----- Exercise input -----

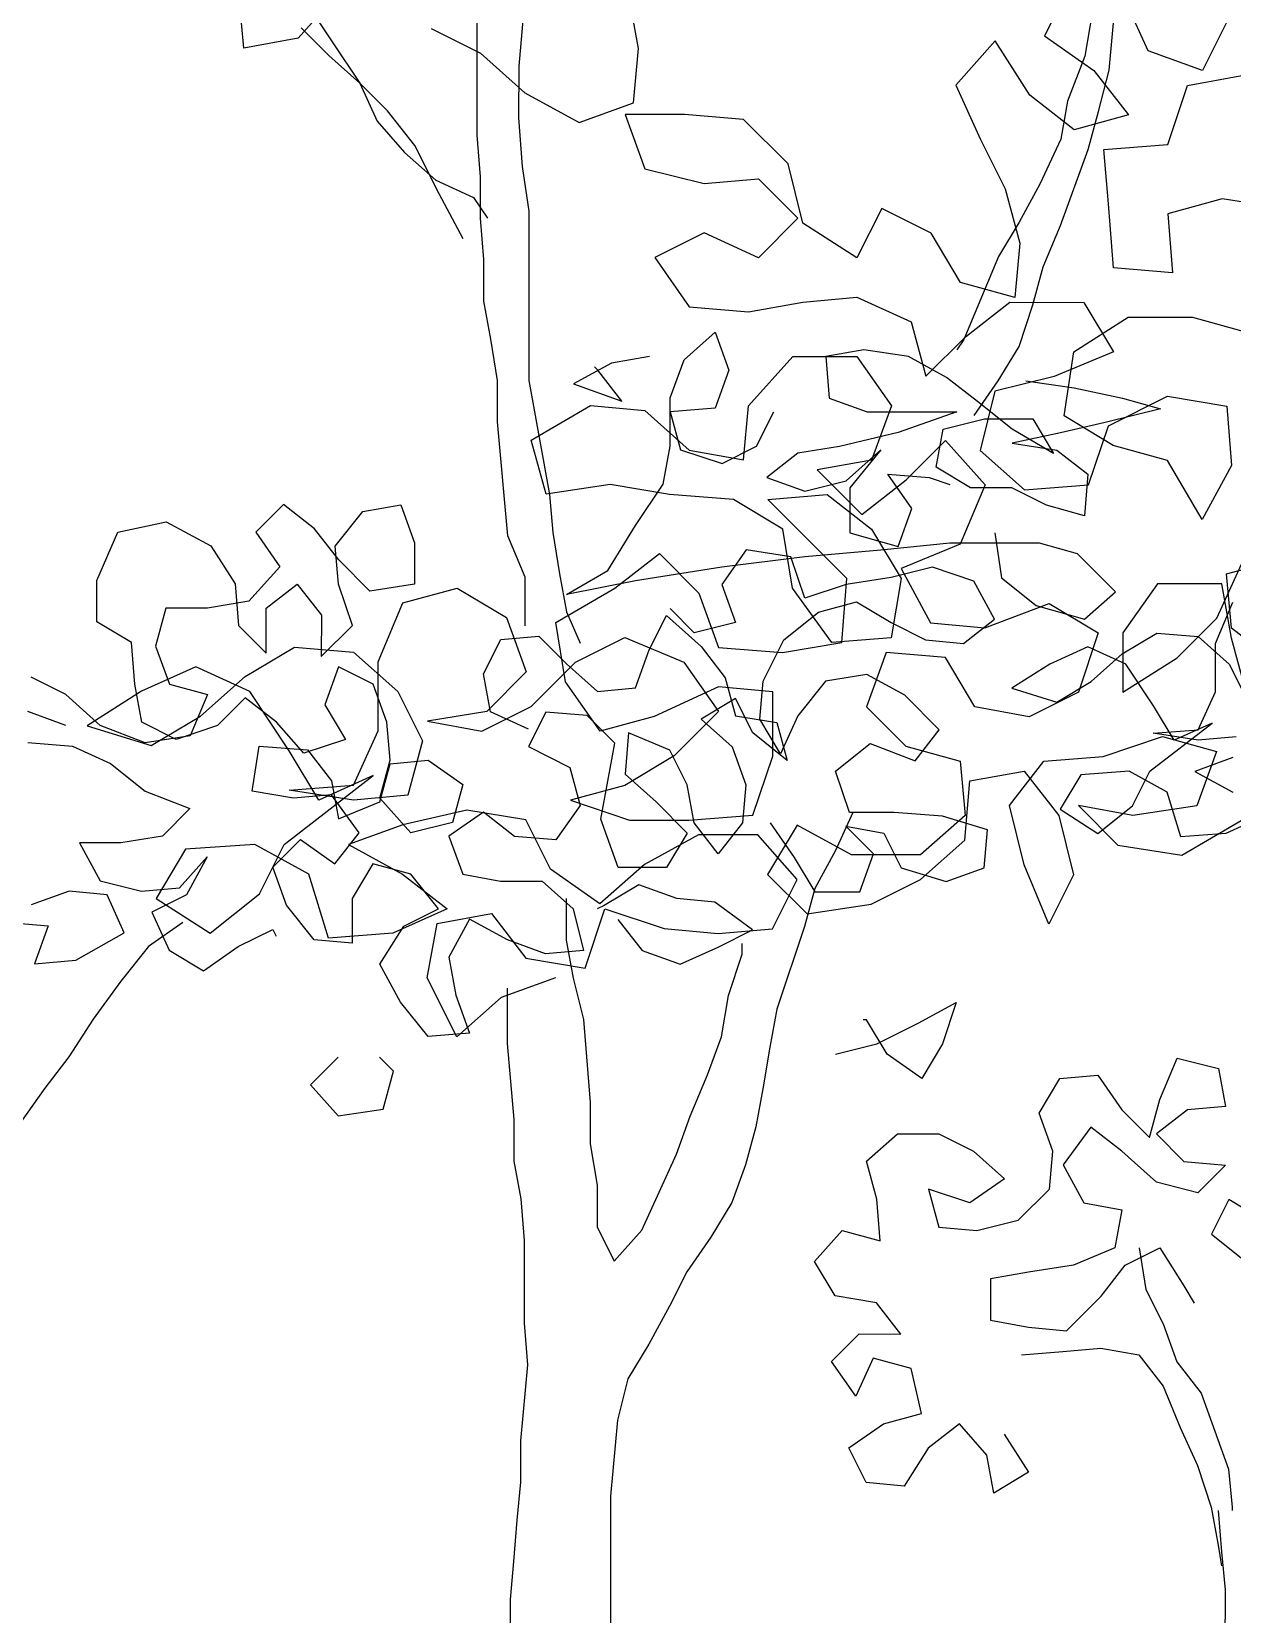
# Model space of a CAD drawing. Header units: millimetres. Extents: x -249630 to 95394, y -188036 to 109963.
# Drawn here: x -72640.1 to -72326.8, y 97045.8 to 97458.7 of the extents above; entities that cross this region are included whole.
import ezdxf

# ---------------------------------------------------------------- set-up
doc = ezdxf.new("R2010")
doc.units = ezdxf.units.MM
doc.layers.add('AHojas', color=86, linetype='Continuous')
doc.layers.add('ATronco', color=36, linetype='Continuous')

# ---------------------------------------------------------------- blocks, each defined once
blk = doc.blocks.new('Arbol_01')
at = {"layer": 'AHojas'}
for p, q in [((0.05339, 2.08196), (0.06266, 2.09019)), ((0.06266, 2.09019), (0.06677, 2.07886)), ((0.1368, 2.08807), (0.13474, 2.08498)), ((0.10694, 2.085), (0.09561, 2.08296)), ((0.12032, 2.08293), (0.10694, 2.085)), ((0.14708, 2.0757), (0.15327, 2.08599)), ((0.03177, 2.08095), (0.02043, 2.07479)), ((0.04309, 2.083), (0.03177, 2.08095)), ((0.04926, 2.07064), (0.05339, 2.08196)), ((0.09561, 2.08296), (0.09663, 2.0706)), ((0.13164, 2.07674), (0.12032, 2.08293)), ((0.02764, 2.0789), (0.02662, 2.07993)), ((0.03484, 2.06962), (0.02764, 2.0789)), ((0.06677, 2.07886), (0.06264, 2.06754)), ((0.02043, 2.07479), (0.03484, 2.06962)), ((0.1409, 2.06953), (0.13164, 2.07674)), ((0.13987, 2.06541), (0.14708, 2.0757)), ((0.15532, 2.07569), (0.16974, 2.07362)), ((0.16974, 2.07362), (0.18415, 2.07052)), ((0.04925, 2.05623), (0.04926, 2.07064)), ((0.09663, 2.0706), (0.10795, 2.06647)), ((0.15119, 2.06128), (0.1409, 2.06953)), ((0.18415, 2.07052), (0.19547, 2.06742)), ((0.06264, 2.06754), (0.04926, 2.06652)), ((0.04926, 2.06652), (0.05234, 2.05519)), ((0.07499, 2.0562), (0.08015, 2.06649)), ((0.10795, 2.06647), (0.13472, 2.06644)), ((0.13472, 2.06644), (0.11721, 2.06028)), ((0.19547, 2.06742), (0.17899, 2.06331)), ((0.12853, 2.04998), (0.1306, 2.0613)), ((0.1306, 2.0613), (0.14296, 2.06438)), ((0.14296, 2.06438), (0.15737, 2.06436)), ((0.16354, 2.05406), (0.15119, 2.06128)), ((0.15737, 2.06436), (0.16354, 2.05406)), ((0.17899, 2.06331), (0.1656, 2.06024)), ((0.11721, 2.06028), (0.0997, 2.05618)), ((0.1656, 2.06024), (0.15119, 2.05716)), ((0.04718, 2.0449), (0.04925, 2.05623)), ((0.05234, 2.05519), (0.06469, 2.05106)), ((0.06469, 2.05106), (0.07499, 2.0562)), ((0.0997, 2.05618), (0.08734, 2.05413)), ((0.10175, 2.04588), (0.11206, 2.05514)), ((0.11206, 2.05514), (0.10278, 2.04382)), ((0.15119, 2.05716), (0.16457, 2.05509)), ((0.16457, 2.05509), (0.17383, 2.04787)), ((0.08734, 2.05413), (0.07807, 2.04693)), ((0.11411, 2.04793), (0.12646, 2.04689)), ((0.12131, 2.03763), (0.11411, 2.04793)), ((0.13882, 2.04379), (0.12853, 2.04998)), ((0.17383, 2.04787), (0.17279, 2.03552)), ((0.07807, 2.04693), (0.08939, 2.0428)), ((0.08939, 2.0428), (0.10175, 2.04588)), ((0.12646, 2.04689), (0.13264, 2.04482)), ((0.10278, 2.04382), (0.10277, 2.03043)), ((0.15117, 2.04378), (0.13882, 2.04379)), ((0.16147, 2.03862), (0.15117, 2.04378)), ((-0.06609, 2.03883), (-0.07434, 2.0306)), ((-0.05683, 2.03161), (-0.06609, 2.03883)), ((-0.04241, 2.03675), (-0.03108, 2.03879)), ((-0.03108, 2.03879), (-0.02698, 2.02746)), ((0.17279, 2.03552), (0.16147, 2.03862)), ((-0.05066, 2.02646), (-0.04241, 2.03675)), ((0.11718, 2.0263), (0.12131, 2.03763)), ((-0.11552, 2.03063), (-0.10111, 2.03371)), ((-0.10111, 2.03371), (-0.08773, 2.02649)), ((-0.04963, 2.02234), (-0.05683, 2.03161)), ((-0.12172, 2.01622), (-0.11552, 2.03063)), ((-0.07434, 2.0306), (-0.06714, 2.02029)), ((0.10277, 2.03043), (0.11718, 2.0263)), ((0.14601, 2.0304), (0.14806, 2.01701)), ((-0.08773, 2.02649), (-0.08053, 2.01516)), ((-0.04964, 2.01513), (-0.05066, 2.02646)), ((-0.02698, 2.02746), (-0.02699, 2.01511)), ((0.07187, 2.02531), (0.06465, 2.01502)), ((0.08526, 2.02324), (0.07187, 2.02531)), ((0.11203, 2.02528), (0.08937, 2.02324)), ((0.13263, 2.02732), (0.11203, 2.02528)), ((0.1594, 2.02729), (0.13263, 2.02732)), ((0.17072, 2.02419), (0.1594, 2.02729)), ((-0.04037, 2.01306), (-0.04963, 2.02234)), ((0.08937, 2.02324), (0.06466, 2.02017)), ((0.08936, 2.01088), (0.08526, 2.02324)), ((0.18204, 2.01286), (0.17072, 2.02419)), ((-0.06714, 2.02029), (-0.07642, 2.01001)), ((0.01626, 2.01816), (0.01831, 2.00683)), ((0.12747, 2.02012), (0.11511, 2.01704)), ((0.13982, 2.01599), (0.12747, 2.02012)), ((-0.12173, 2.00387), (-0.12172, 2.01622)), ((-0.08053, 2.01516), (-0.07951, 2.0028)), ((-0.07127, 2.00794), (-0.062, 2.01514)), ((-0.062, 2.01514), (-0.0548, 2.00587)), ((-0.04553, 2.00277), (-0.04964, 2.01513)), ((-0.02699, 2.01511), (-0.04037, 2.01306)), ((0.00595, 2.00272), (0.00597, 2.01714)), ((0.06465, 2.01502), (0.06876, 2.00369)), ((0.10172, 2.01499), (0.08936, 2.01088)), ((0.11511, 2.01704), (0.10172, 2.01499)), ((0.14599, 2.00465), (0.13982, 2.01599)), ((0.14806, 2.01701), (0.15835, 2.00876)), ((0.17276, 2.00463), (0.18204, 2.01286)), ((-0.07642, 2.01001), (-0.08877, 2.00796)), ((0.09348, 2.00676), (0.10481, 2.00984)), ((0.10481, 2.00984), (0.1151, 2.00365)), ((0.15835, 2.00876), (0.17276, 2.00463)), ((0.21188, 1.99739), (0.21704, 2.00974)), ((-0.10113, 2.00797), (-0.10423, 1.99664)), ((-0.08877, 2.00796), (-0.10113, 2.00797)), ((-0.07128, 1.99456), (-0.07127, 2.00794)), ((-0.0548, 2.00587), (-0.05481, 1.99351)), ((0.01831, 2.00683), (0.02242, 1.99756)), ((0.04301, 1.99548), (0.04817, 2.00577)), ((0.04817, 2.00577), (0.05846, 1.9965)), ((0.0564, 2.00062), (0.0492, 2.00783)), ((0.08317, 1.99853), (0.09348, 2.00676)), ((-0.11144, 1.99768), (-0.12173, 2.00387)), ((-0.07951, 2.0028), (-0.07128, 1.99456)), ((-0.05481, 1.99351), (-0.04553, 2.00277)), ((0.06876, 2.00369), (0.0564, 2.00062)), ((0.1151, 2.00365), (0.12539, 1.99849)), ((0.13672, 1.99745), (0.14599, 2.00465)), ((-0.00642, 1.98832), (-0.00126, 1.99861)), ((-0.00126, 1.99861), (0.01007, 1.99963)), ((0.01007, 1.99963), (0.0183, 1.99138)), ((0.07698, 1.98618), (0.08317, 1.99853)), ((0.12539, 1.99849), (0.13672, 1.99745)), ((0.18408, 1.99432), (0.19438, 2.00049)), ((0.19438, 2.00049), (0.20674, 1.99945)), ((0.20674, 1.99945), (0.216, 1.9912)), ((-0.11042, 1.98532), (-0.11144, 1.99768)), ((-0.10423, 1.99664), (-0.10012, 1.98531)), ((0.03888, 1.98416), (0.04301, 1.99548)), ((0.05846, 1.9965), (0.06566, 1.98722)), ((0.17378, 1.99639), (0.16245, 1.99125)), ((0.18511, 1.99123), (0.17378, 1.99639)), ((0.21187, 1.98297), (0.21188, 1.99739)), ((0.1748, 1.98609), (0.18408, 1.99432)), ((-0.04966, 1.99042), (-0.05379, 1.97909)), ((-0.03937, 1.98526), (-0.04966, 1.99042)), ((0.0183, 1.99138), (0.02756, 1.98314)), ((0.16245, 1.99125), (0.15112, 1.98405)), ((0.19333, 1.97887), (0.18511, 1.99123)), ((0.216, 1.9912), (0.22114, 1.9809)), ((-0.13101, 1.98225), (-0.14131, 1.98741)), ((-0.10837, 1.974), (-0.11042, 1.98532)), ((-0.10012, 1.98531), (-0.0888, 1.98222)), ((-0.03526, 1.97393), (-0.03937, 1.98526)), ((-0.00437, 1.97699), (-0.00642, 1.98832)), ((0.06566, 1.98722), (0.06874, 1.97589)), ((0.07594, 1.97486), (0.07698, 1.98618)), ((0.09552, 1.98617), (0.08727, 1.97588)), ((0.10788, 1.98821), (0.09552, 1.98617)), ((0.1192, 1.98202), (0.10788, 1.98821)), ((0.1645, 1.97992), (0.1748, 1.98609)), ((-0.12073, 1.97298), (-0.13101, 1.98225)), ((-0.0888, 1.98222), (-0.09396, 1.96986)), ((0.02756, 1.98314), (0.03888, 1.98416)), ((0.12949, 1.97172), (0.1192, 1.98202)), ((0.15112, 1.98405), (0.1645, 1.97992)), ((0.20671, 1.97165), (0.21187, 1.98297)), ((-0.07747, 1.98118), (-0.08572, 1.97295)), ((-0.06821, 1.97396), (-0.07747, 1.98118)), ((-0.05379, 1.97909), (-0.04762, 1.96879)), ((0.06874, 1.98104), (0.05844, 1.97487)), ((0.07388, 1.97074), (0.06874, 1.98104)), ((0.1995, 1.96857), (0.19333, 1.97887)), ((-0.13102, 1.97299), (-0.14235, 1.97712)), ((0.00695, 1.97183), (-0.00437, 1.97699)), ((0.01211, 1.97697), (0.00695, 1.96668)), ((0.02446, 1.97593), (0.01211, 1.97697)), ((0.03269, 1.96769), (0.02446, 1.97593)), ((0.06874, 1.97589), (0.08109, 1.97382)), ((0.08727, 1.97588), (0.08211, 1.96455)), ((-0.10734, 1.96782), (-0.12073, 1.97298)), ((-0.09808, 1.96884), (-0.10837, 1.974)), ((-0.08572, 1.97295), (-0.09808, 1.96884)), ((-0.05998, 1.96468), (-0.06821, 1.97396)), ((-0.03424, 1.9626), (-0.03526, 1.97393)), ((0.05844, 1.97487), (0.0677, 1.96663)), ((0.08211, 1.96455), (0.07594, 1.97486)), ((0.08109, 1.97382), (0.08417, 1.96249)), ((0.19228, 1.9593), (0.21083, 1.9737)), ((0.21083, 1.9737), (0.1995, 1.96857)), ((-0.09396, 1.96986), (-0.10734, 1.96782)), ((-0.04762, 1.96879), (-0.05998, 1.96468)), ((0.03681, 1.97077), (0.03577, 1.95842)), ((0.04916, 1.96561), (0.03681, 1.97077)), ((0.08417, 1.96249), (0.07388, 1.97074)), ((0.12227, 1.96246), (0.12949, 1.97172)), ((0.19332, 1.97063), (0.20671, 1.97165)), ((0.20671, 1.96856), (0.19332, 1.97063)), ((0.21804, 1.96958), (0.20671, 1.96856)), ((-0.14235, 1.96785), (-0.12897, 1.96681)), ((-0.12897, 1.96681), (-0.11765, 1.96165)), ((-0.07544, 1.95337), (-0.07337, 1.96676)), ((-0.07337, 1.96676), (-0.05895, 1.96571)), ((-0.05895, 1.96571), (-0.05175, 1.95644)), ((0.00695, 1.96668), (0.0193, 1.96049)), ((0.02855, 1.94504), (0.03269, 1.96769)), ((0.0543, 1.95531), (0.04916, 1.96561)), ((0.0677, 1.96663), (0.07181, 1.9553)), ((0.09858, 1.95939), (0.10889, 1.96762)), ((0.10889, 1.96762), (0.12227, 1.96246)), ((-0.03734, 1.95128), (-0.03424, 1.9626)), ((-0.03424, 1.96157), (-0.02292, 1.96259)), ((-0.02292, 1.96259), (-0.01263, 1.95537)), ((0.217, 1.9634), (0.20567, 1.95929)), ((-0.11765, 1.96165), (-0.10736, 1.9534)), ((-0.03734, 1.95025), (-0.03424, 1.96157)), ((0.0193, 1.96049), (0.02238, 1.94916)), ((0.10269, 1.94703), (0.09858, 1.95939)), ((0.18611, 1.95931), (0.17169, 1.95829)), ((0.19743, 1.95312), (0.18611, 1.95931)), ((0.18713, 1.94901), (0.19228, 1.9593)), ((0.20567, 1.95929), (0.21699, 1.9531)), ((-0.05175, 1.95644), (-0.0497, 1.94511)), ((0.03577, 1.95842), (0.04503, 1.95017)), ((0.17169, 1.95829), (0.1655, 1.948)), ((-0.10736, 1.9534), (-0.09398, 1.94824)), ((-0.06308, 1.9513), (-0.07544, 1.95337)), ((-0.05176, 1.95232), (-0.06308, 1.9513)), ((-0.04353, 1.94099), (-0.05176, 1.95232)), ((-0.01263, 1.95537), (-0.01573, 1.94405)), ((0.05635, 1.94398), (0.0543, 1.95531)), ((0.07181, 1.9553), (0.07077, 1.94397)), ((0.20153, 1.93973), (0.19743, 1.95312)), ((-0.0497, 1.94511), (-0.03734, 1.95025)), ((-0.02808, 1.94097), (-0.03734, 1.95128)), ((0.02238, 1.94916), (0.01516, 1.93887)), ((0.04503, 1.95017), (0.05429, 1.9409)), ((0.17682, 1.94078), (0.18713, 1.94901)), ((-0.09398, 1.94824), (-0.10222, 1.94001)), ((-0.00646, 1.94713), (-0.01676, 1.93993)), ((0.00281, 1.93991), (-0.00646, 1.94713)), ((0.10372, 1.94703), (0.09856, 1.93571)), ((0.11608, 1.94702), (0.10269, 1.94703)), ((0.13049, 1.94598), (0.11608, 1.94702)), ((0.14387, 1.94184), (0.13049, 1.94598)), ((0.1655, 1.948), (0.17682, 1.94078)), ((0.22625, 1.94589), (0.21492, 1.94075)), ((-0.01573, 1.94405), (-0.02808, 1.94097)), ((0.03369, 1.93062), (0.02855, 1.94504)), ((0.06355, 1.93471), (0.05635, 1.94398)), ((0.07077, 1.94397), (0.06355, 1.93471)), ((0.07901, 1.94396), (0.0862, 1.93366)), ((0.10166, 1.94291), (0.11298, 1.94084)), ((0.10989, 1.93467), (0.10166, 1.94291)), ((-0.10222, 1.94001), (-0.11458, 1.93796)), ((-0.06928, 1.93071), (-0.06104, 1.93894)), ((-0.06104, 1.93894), (-0.05075, 1.93173)), ((-0.05075, 1.93173), (-0.04353, 1.94099)), ((-0.01676, 1.93993), (-0.01265, 1.9286)), ((0.01516, 1.93887), (0.00281, 1.93991)), ((0.05429, 1.9409), (0.0481, 1.93061)), ((0.11298, 1.94084), (0.11812, 1.93054)), ((0.14283, 1.93052), (0.14387, 1.94184)), ((0.21492, 1.94075), (0.20153, 1.93973)), ((-0.12694, 1.93797), (-0.12077, 1.92664)), ((-0.11458, 1.93796), (-0.12694, 1.93797)), ((0.09856, 1.93571), (0.09237, 1.92439)), ((-0.09709, 1.92456), (-0.08884, 1.93382)), ((-0.08884, 1.93382), (-0.09503, 1.9225)), ((0.0862, 1.93366), (0.09237, 1.92336)), ((0.10576, 1.92335), (0.10989, 1.93467)), ((-0.06517, 1.91938), (-0.06928, 1.93071)), ((-0.03942, 1.93172), (-0.04561, 1.92142)), ((-0.0281, 1.92862), (-0.03942, 1.93172)), ((0.0481, 1.93061), (0.03369, 1.93062)), ((0.11812, 1.93054), (0.1315, 1.92641)), ((0.1315, 1.92641), (0.14283, 1.93052)), ((-0.12077, 1.92664), (-0.10842, 1.92354)), ((-0.01987, 1.91831), (-0.0281, 1.92862)), ((-0.01265, 1.9286), (-0.00133, 1.92653)), ((-0.00133, 1.92653), (0.01103, 1.92652)), ((0.01103, 1.92652), (0.02029, 1.91828)), ((-0.13004, 1.92356), (-0.14137, 1.91945)), ((-0.11871, 1.92252), (-0.13004, 1.92356)), ((-0.11357, 1.91119), (-0.11871, 1.92252)), ((-0.10842, 1.92354), (-0.09709, 1.92456)), ((-0.09503, 1.9225), (-0.10533, 1.91736)), ((0.03986, 1.92547), (0.02956, 1.9193)), ((0.05118, 1.92134), (0.03986, 1.92547)), ((0.09237, 1.92439), (0.08927, 1.91306)), ((0.09237, 1.92336), (0.10576, 1.92335)), ((-0.05694, 1.90908), (-0.06517, 1.91938)), ((-0.04561, 1.92142), (-0.04562, 1.90804)), ((0.01823, 1.92137), (0.01822, 1.90901)), ((0.02956, 1.9193), (0.0275, 1.91827)), ((0.06251, 1.9203), (0.05118, 1.92134)), ((0.07383, 1.91205), (0.06251, 1.9203)), ((-0.10533, 1.91736), (-0.10019, 1.90603)), ((-0.03017, 1.91317), (-0.01987, 1.91831)), ((0.02029, 1.91828), (0.02337, 1.90592)), ((-0.16094, 1.91535), (-0.13623, 1.91327)), ((-0.13623, 1.91327), (-0.14035, 1.90195)), ((-0.09607, 1.91426), (-0.10637, 1.90706)), ((-0.03739, 1.90185), (-0.03017, 1.91317)), ((-0.0106, 1.91521), (-0.01679, 1.90389)), ((0.00072, 1.90903), (-0.0106, 1.91521)), ((0.03367, 1.91517), (0.04087, 1.9059)), ((-0.128, 1.90297), (-0.11357, 1.91119)), ((-0.0796, 1.90704), (-0.0693, 1.91218)), ((-0.0693, 1.91218), (-0.06827, 1.91012)), ((0.06353, 1.90691), (0.07383, 1.91205)), ((-0.10637, 1.90706), (-0.11462, 1.89678)), ((-0.10019, 1.90603), (-0.0899, 1.89984)), ((-0.0899, 1.89984), (-0.0796, 1.90704)), ((-0.04562, 1.90804), (-0.05694, 1.90908)), ((0.01204, 1.9049), (0.00072, 1.90903)), ((0.02337, 1.90592), (0.01204, 1.9049)), ((0.01822, 1.90901), (0.02027, 1.89768)), ((0.04087, 1.9059), (0.0522, 1.90177)), ((0.0522, 1.90177), (0.06353, 1.90691)), ((0.07073, 1.90484), (0.07073, 1.90793)), ((-0.14035, 1.90195), (-0.128, 1.90297)), ((-0.01679, 1.90389), (-0.01474, 1.89257)), ((-0.03122, 1.89052), (-0.03739, 1.90185)), ((-0.02299, 1.88022), (-0.03122, 1.89052)), ((-0.01474, 1.89257), (-0.01063, 1.88124)), ((0.12323, 1.8842), (0.13456, 1.89037)), ((0.13456, 1.89037), (0.13043, 1.87802)), ((0.10778, 1.88525), (0.10675, 1.88525)), ((0.11395, 1.87494), (0.10778, 1.88525)), ((0.11087, 1.87803), (0.12323, 1.8842)), ((-0.01063, 1.88124), (-0.02299, 1.88022)), ((0.09851, 1.87496), (0.11087, 1.87803)), ((0.13043, 1.87802), (0.12424, 1.86773)), ((-0.04977, 1.87406), (-0.05801, 1.86583)), ((-0.0333, 1.86993), (-0.03741, 1.87405)), ((0.12424, 1.86773), (0.11395, 1.87494)), ((0.19528, 1.86148), (0.20044, 1.87383)), ((0.20044, 1.87383), (0.2128, 1.87073)), ((-0.0364, 1.85861), (-0.0333, 1.86993)), ((0.2128, 1.87073), (0.21485, 1.85941)), ((0.15924, 1.8574), (0.16543, 1.86769)), ((0.16543, 1.86769), (0.17676, 1.86871)), ((0.17676, 1.86871), (0.18395, 1.8584)), ((-0.05801, 1.86583), (-0.04978, 1.85656)), ((0.19218, 1.85016), (0.19528, 1.86148)), ((-0.04978, 1.85656), (-0.0364, 1.85861)), ((0.16335, 1.84607), (0.15924, 1.8574)), ((0.18395, 1.8584), (0.19218, 1.85016)), ((0.20352, 1.85839), (0.19424, 1.85119)), ((0.21485, 1.85941), (0.20352, 1.85839)), ((0.17468, 1.85326), (0.16643, 1.84195)), ((0.18394, 1.84605), (0.17468, 1.85326)), ((0.10774, 1.84303), (0.11702, 1.85126)), ((0.11702, 1.85126), (0.12937, 1.85125)), ((0.12937, 1.85125), (0.13967, 1.84609)), ((0.19424, 1.85119), (0.20247, 1.84294)), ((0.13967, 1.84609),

-----

Give again, word for word, every line from the top of the data above to the line holding "blk = doc.blocks.new('Arbol_01')", inclusive, with the pictures left out.

**Response:**
# Model space of a CAD drawing. Header units: millimetres. Extents: x -249630 to 95394, y -188036 to 109963.
# Drawn here: x -72640.1 to -72326.8, y 97045.8 to 97458.7 of the extents above; entities that cross this region are included whole.
import ezdxf

# ---------------------------------------------------------------- set-up
doc = ezdxf.new("R2010")
doc.units = ezdxf.units.MM
doc.layers.add('AHojas', color=86, linetype='Continuous')
doc.layers.add('ATronco', color=36, linetype='Continuous')

# ---------------------------------------------------------------- blocks, each defined once
blk = doc.blocks.new('Arbol_01')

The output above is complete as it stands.